At stake is the question of whether a claim about evolved cognitive structures carries implications of the insignificance or even impossibility of such cognitive suspensions. Now, some perceptual adaptations appear in fact to be almost entirely automated, and it is important to note that the unease concerning biological determinism is almost exclusively directed towards cognitive functions that in the first place are not fully automated. Thus, we are not unsettled by the idea that digestion is an evolved physiological process, or even that the capacity for hearing is, since the conscious mind never had a claim on these processes, which take place as it were hidden from view. It is just as clear, however, that we do tend to get upset at the suggestion that processes normally considered to be under the purview of the conscious mind are somehow circumscribed as cognitive adaptations. Describing people as if they were animals--whom we have much less difficulty accepting are products of a long and complex process of natural variation and selection--seems somehow demeaning, and is frequently resisted as if it were a social move, an attempt to upstage, a claim that ultimately will serve to justify control. The evolutionary claim is thus perceived as an attempt at domination. Ultimately, however, the issue is not one of domination but of facing a large number of facts, which point strongly in the direction of an evolutionary history. This in itself should hardly be threatening; we are free to begin the task of integrating these results with other aspects of our lives.

Since it is implausible that a full understanding of the mind is possible even in principle--how can a system define its own extent and grasp the totality of itself?--the unease at deterministic explanations should be somewhat moderated.

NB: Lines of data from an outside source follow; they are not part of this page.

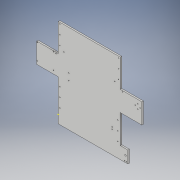
# Autodesk Inventor part: Gen2PlatePart
Saved by Autodesk Inventor 2017 (Build 210142000, 142)
## iProperties
Created: 2017-12-06
Part Number: Gen2PlatePart
Material: Generic
Document SubType Name: Modeling
Designer: User
Density: 1 g/cm^3
Appearance: Default
Author: User
Autodesk Inventor part; units mm, degrees
ref_plane "YZ Plane" through (0, 0, 0) normal (1, 0, 0) x (0, 1, 0)
ref_plane "XZ Plane" through (0, 0, 0) normal (0, 1, 0) x (-1, 0, 0)
ref_plane "XY Plane" through (0, 0, 0) normal (0, 0, 1) x (1, 0, 0)
sketch "Sketch1" plane through (0, 0, 0) normal (0, 0, 1) x (1, 0, 0)
  line L0 (0, 0) -> (254, 0)
  line L1 (254, 0) -> (254, 330.2)
  line L2 (254, 330.2) -> (0, 330.2)
  line L3 (0, 330.2) -> (0, 0)
  dimension "d0" = 254
  dimension "d1" = 330.2
  constraints: 8 end point, 2 parallel, 1 horizontal, 1 perpendicular
  measures "d0" distance of L2.end L1.end
  measures "d1" distance of L1.end L0.end
extrude "Extrusion1" add sketch "Sketch1" along normal blind 6.35
sketch "Sketch2" plane through (0, 0, 6.35) normal (0, 0, 1) x (1, 0, 0)
  point P0 (0, 0)
sketch "Sketch3" plane through (0, 0, 0) normal (-1, 0, 0) x (0, 0, 1)
  line L0 (0, 0) -> (0, 330.2) projected
  line L1 (0, 330.2) -> (-38.1, 330.2)
  line L2 (-38.1, 330.2) -> (38.1, 330.2)
  line L3 (38.1, 330.2) -> (38.1, 266.7)
  line L4 (38.1, 266.7) -> (-38.1, 266.7)
  line L5 (-38.1, 266.7) -> (-38.1, 330.2)
  line L6 (-38.1, 0) -> (38.1, 0)
  line L7 (38.1, 0) -> (38.1, 63.5)
  line L8 (38.1, 63.5) -> (-38.1, 63.5)
  line L9 (-38.1, 63.5) -> (-38.1, 0)
  dimension "d4" = 38.1
  dimension "d5" = 76.2
  dimension "d6" = 63.5
  dimension "d9" = 63.5
  constraints: 18 end point, 4 parallel, 3 horizontal, 2 perpendicular
  measures "d4" distance of L0.end L1.end
  measures "d5" distance of L3.end L4.end
  measures "d6" distance of L2.end L3.end
  measures "d9" distance of L7.end L6.end
extrude "Extrusion2" add sketch "Sketch3" against normal blind 6.35
sketch "Sketch4" plane through (6.35, 0, 0) normal (0, -1, 0) x (1, 0, 0)
  line L0 (0, -38.1) -> (0, 0) projected
  line L1 (247.65, 6.35) -> (0, 6.35) projected
  line L2 (0, 0) -> (38.1, 0)
  line L3 (38.1, 0) -> (38.1, 6.35)
  line L4 (38.1, 6.35) -> (0, 6.35)
  line L5 (0, 6.35) -> (0, 0)
  point P0 (-6.35, 0)
  dimension "d10" = 38.1
  constraints: 8 end point, 2 parallel, 1 horizontal, 1 perpendicular, 1 point on line
  measures "d10" distance of L4.end L3.end
extrude "Extrusion3" cut sketch "Sketch4" against normal blind 38.1
sketch "Sketch5" plane through (6.35, 330.2, 0) normal (0, 1, 0) x (1, 0, 0)
  line L0 (0, 0) -> (-6.35, 0) projected
  line L1 (0, -6.35) -> (38.1, -6.35) projected
  line L2 (0, 0) -> (38.1, 0)
  line L3 (38.1, 0) -> (38.1, -6.35)
  line L4 (38.1, -6.35) -> (0, -6.35)
  line L5 (0, -6.35) -> (0, 0)
  constraints: 8 end point, 2 parallel, 1 horizontal, 1 perpendicular
extrude "Extrusion4" cut sketch "Sketch5" against normal blind 38.1
sketch "Sketch6" plane through (254, 0, 0) normal (1, 0, 0) x (0, 0, -1)
  line L0 (38.1, 0) -> (-38.1, 0) projected
  line L1 (38.1, 63.5) -> (0, 63.5) projected
  line L2 (-38.1, 0) -> (38.1, 0)
  line L3 (38.1, 0) -> (38.1, 63.5)
  line L4 (38.1, 63.5) -> (-38.1, 63.5)
  line L5 (-38.1, 63.5) -> (-38.1, 0)
  line L6 (-38.1, 266.7) -> (-6.35, 266.7) projected
  line L7 (38.1, 330.2) -> (-38.1, 330.2) projected
  line L8 (-38.1, 266.7) -> (38.1, 266.7)
  line L9 (38.1, 266.7) -> (38.1, 330.2)
  line L10 (38.1, 330.2) -> (-38.1, 330.2)
  line L11 (-38.1, 330.2) -> (-38.1, 266.7)
  point P0 (0, 0)
  constraints: 16 end point, 4 parallel, 2 horizontal, 2 perpendicular
extrude "Extrusion5" add sketch "Sketch6" against normal blind 6.35
sketch "Sketch7" plane through (44.45, 330.2, 6.35) normal (0, 1, 0) x (1, 0, 0)
  line L0 (0, 0) -> (203.2, 0) projected
  line L1 (0, 6.35) -> (203.2, 6.35) projected
  line L2 (203.2, 0) -> (165.1, 0)
  line L3 (165.1, 0) -> (165.1, 6.35)
  line L4 (165.1, 6.35) -> (203.2, 6.35)
  line L5 (203.2, 6.35) -> (203.2, 0)
  point P0 (-44.45, 6.35)
  dimension "d17" = 38.1
  constraints: 8 end point, 2 parallel, 1 horizontal, 1 perpendicular, 1 point on line
  measures "d17" distance of L3.end L4.end
extrude "Extrusion6" cut sketch "Sketch7" against normal blind 38.1
sketch "Sketch8" plane through (44.45, 0, 0) normal (0, -1, 0) x (1, 0, 0)
  line L0 (209.55, 0) -> (203.2, 0) projected
  line L1 (0, 6.35) -> (203.2, 6.35) projected
  line L2 (203.2, 0) -> (165.1, 0)
  line L3 (165.1, 0) -> (165.1, 6.35)
  line L4 (165.1, 6.35) -> (203.2, 6.35)
  line L5 (203.2, 6.35) -> (203.2, 0)
  point P0 (-44.45, 0)
  dimension "d20" = 38.1
  constraints: 8 end point, 2 parallel, 1 horizontal, 1 perpendicular, 1 point on line
  measures "d20" distance of L3.end L4.end
extrude "Extrusion7" cut sketch "Sketch8" against normal blind 38.1
sketch "Sketch9" plane through (6.35, 0, 0) normal (1, 0, 0) x (0, 0, -1)
  line L0 (38.1, 0) -> (-38.1, 0) projected
  line L1 (-19.0903, 0) -> (-19.0903, 17.1196)
  line L2 (-19.0903, 0) -> (-1.9707, 0) construction
  line L3 (-38.1, 63.5) -> (-38.1, 0) projected
  line L4 (-38.1, 17.1196) -> (-20.955, 17.1196)
  line L5 (-38.1, 17.1196) -> (-20.955, 17.1196) construction
  circle A0 centre (-20.955, 17.1196) radius 3.4925
  point P0 (0, 0)
  dimension "d23" = 17.1196
  dimension "d24" = 90
  dimension "d25" = 17.145
  dimension "d26" = 0
  dimension "d27" = 6.985
  constraints: 8 end point, 2 equal length, 2 horizontal, 2 perpendicular, 2 point on line, 1 centre point, 1 coincident
  measures "d23" distance of L1.start L1.end
  measures "d24" angle of L2 L1
  measures "d25" distance of L4.start L4.end
  measures "d26" distance between parallel lines of L4 L5
  measures "d27" diameter of A0
extrude "Extrusion8" cut sketch "Sketch9" against normal blind 38.1 contours A0
sketch "Sketch10" plane through (6.35, 0, 0) normal (1, 0, 0) x (0, 0, -1)
  circle A0 centre (-20.955, 17.1196) radius 3.4925 projected
  circle A1 centre (-20.955, 17.1196) radius 8
  circle A2 centre (-20.955, 9.1196) radius 1.5875
  circle A3 centre (-14.0268, 13.1196) radius 1.5875
  circle A4 centre (-20.955, 17.1196) radius 8
  circle A5 centre (-14.0268, 21.1196) radius 1.5875
  circle A6 centre (-20.955, 17.1196) radius 8
  circle A7 centre (-20.955, 25.1196) radius 1.5875
  circle A8 centre (-20.955, 17.1196) radius 8
  circle A9 centre (-27.8832, 21.1196) radius 1.5875
  circle A10 centre (-20.955, 17.1196) radius 8
  circle A11 centre (-27.8832, 13.1196) radius 1.5875
  circle A12 centre (-20.955, 17.1196) radius 8
  point P0 (0, 0)
  point P1 (-28.955, 17.1196)
  point P2 (-24.955, 10.1914)
  point P3 (-16.955, 10.1914)
  point P4 (-12.955, 17.1196)
  point P5 (-16.955, 24.0478)
  point P6 (-24.955, 24.0478)
  dimension "d33" = 3.175
  dimension "d36" = 360
  constraints: 12 centre point, 12 point on circle, 9 coincident, 35 other
  measures "d33" diameter of A2
extrude "Extrusion9" cut sketch "Sketch10" against normal blind 38.1 contours A5 A1 | A1 A5 | A3 A1 | A1 A3 | A7 A1 | A1 A7 | A2 A1 | A1 A2 | A9 A1 | A1 A9 | A11 A1 | A1 A11
sketch "Sketch11" plane through (247.65, 0, 0) normal (-1, 0, 0) x (0, 0, 1)
  line L0 (38.1, 0) -> (38.1, 63.5) projected
  line L1 (38.1, 17.1196) -> (70.485, 17.1196) construction
  circle A0 centre (20.955, 17.1196) radius 3.4925
  circle A1 centre (20.955, 17.1196) radius 8.001
  line L2 (20.955, 17.1196) -> (31.4906, 17.1196)
  circle A2 centre (28.956, 17.1196) radius 1.5875
  circle A3 centre (24.9555, 24.0487) radius 1.5875
  circle A4 centre (20.955, 17.1196) radius 8.001
  circle A5 centre (16.9545, 24.0487) radius 1.5875
  circle A6 centre (20.955, 17.1196) radius 8.001
  circle A7 centre (12.954, 17.1196) radius 1.5875
  circle A8 centre (20.955, 17.1196) radius 8.001
  circle A9 centre (16.9545, 10.1905) radius 1.5875
  circle A10 centre (20.955, 17.1196) radius 8.001
  circle A11 centre (24.9555, 10.1905) radius 1.5875
  circle A12 centre (20.955, 17.1196) radius 8.001
  point P0 (0, 0)
  point P1 (20.955, 9.1186)
  point P2 (27.8841, 13.1191)
  point P3 (27.8841, 21.1201)
  point P4 (20.955, 25.1206)
  point P5 (14.0259, 21.1201)
  point P6 (14.0259, 13.1191)
  dimension "d44" = 16.002
  dimension "d41" = 17.145
  dimension "d43" = 6.985
  dimension "d81" = 3.175
  dimension "d84" = 360
  constraints: 7 centre point, 4 end point, 3 coincident, 2 point on line, 2 vertical alignment, 1 horizontal, 47 other
  measures "d41" distance of L1.start point (20.955, 17.12)
  measures "d43" diameter of A0
  measures "d81" diameter of A2
extrude "Extrusion10" cut sketch "Sketch11" against normal blind 25.4 contours A0 | L2 A2 A1 | L2 A2 A1 | A1 A2 L2 | A1 A2 L2 | A3 A1 | A1 A3 | A11 A1 | A1 A11 | A5 A1 | A1 A5 | A9 A1 | A1 A9 | A7 A1 | A1 A7
sketch "Sketch12" plane through (254, 63.5, 0) normal (1, 0, 0) x (0, 0, -1)
  line L0 (-38.1, 266.7) -> (-38.1, 203.2) projected
  line L1 (-38.1, 234.95) -> (-20.955, 234.95)
  line L2 (0, 228.6) -> (0, 266.7) projected
  line L3 (38.1, 266.7) -> (-38.1, 266.7) projected
  line L4 (-20.955, 266.7) -> (-20.955, 249.5804)
  line L5 (-20.955, 266.7) -> (-3.8354, 266.7) construction
  circle A0 centre (-20.955, 249.5804) radius 3.4925
  circle A1 centre (-20.955, 249.5804) radius 8.001
  line L6 (-20.955, 234.95) -> (-20.955, 230.7922)
  line L7 (-20.955, 249.5804) -> (-30.6683, 249.5804)
  line L8 (-6.35, 266.7) -> (-6.35, 228.6) projected
  circle A2 centre (-20.955, 257.5814) radius 1.5875
  circle A3 centre (-27.8841, 253.5809) radius 1.5875
  circle A4 centre (-20.955, 249.5804) radius 8.001
  circle A5 centre (-27.8841, 245.5799) radius 1.5875
  circle A6 centre (-20.955, 249.5804) radius 8.001
  circle A7 centre (-20.955, 241.5794) radius 1.5875
  circle A8 centre (-20.955, 249.5804) radius 8.001
  circle A9 centre (-14.0259, 245.5799) radius 1.5875
  circle A10 centre (-20.955, 249.5804) radius 8.001
  circle A11 centre (-14.0259, 253.5809) radius 1.5875
  circle A12 centre (-20.955, 249.5804) radius 8.001
  point P0 (0, -63.5)
  dimension "d56" = 16.002
  dimension "d52" = 17.145
  dimension "d53" = 17.1196
  dimension "d54" = 90
  dimension "d55" = 6.985
  dimension "d80" = 0
  dimension "d104" = 3.175
  dimension "d107" = 360
  constraints: 10 end point, 8 coincident, 7 centre point, 4 perpendicular, 2 point on line, 2 vertical alignment, 1 horizontal, 1 midpoint, 1 vertical, 47 other
  measures "d52" distance of L1.start L1.end
  measures "d53" distance of L4.start L4.end
  measures "d54" angle of L4 L5
  measures "d55" diameter of A0
  measures "d80" distance from line of L4.end L6
  measures "d104" diameter of A2
extrude "Extrusion11" cut sketch "Sketch12" against normal blind 25.4 contours A2 A1 L4 | L4 A1 A2 | A1 A2 L4 | L4 A2 A1 | A3 A1 | A1 A3 | A0 L7 L4 | L4 L7 A0 | A11 A1 | A1 A11 | A5 A1 | A1 A5 | A9 A1 | A1 A9 | A7 A1 | A1 A7
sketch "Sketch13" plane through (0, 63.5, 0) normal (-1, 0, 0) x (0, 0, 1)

Nevertheless, I believe there is a genuine issue at stake--what for the lack of a better name I have named the Quixotic effect, or the tendency of people to enact and carry out descriptions of human nature and society that they believe may be true. The danger, in this view, is not the act of cataloguing cognitive adaptations, as it is the purpose of this page to begin, but to perceive such a list as a normative account, a description that can appropriately function as a program of action. Seen in a broader view, the Quixotic effect is widespread, and not limited to the domain of biological accounts of human cognition; the underlying danger is not biology but the tendency to confuse the description for reality.

The following list is incomplete and only partially implemented; the sections on adaptions relevant to the family and to society are currently in progress, and may remain so for a while. In the mean time, it may function as a sketch of the kinds of adaptations to keep an eye out for; I would be happy to receive suggestions.

January, 1997

Some dimensions of human cognitive adaptions
(links refer to the glossary):

The aim is to examine each proposed adaptation in all seven dimensions

Perceptual (general and by sensory modality)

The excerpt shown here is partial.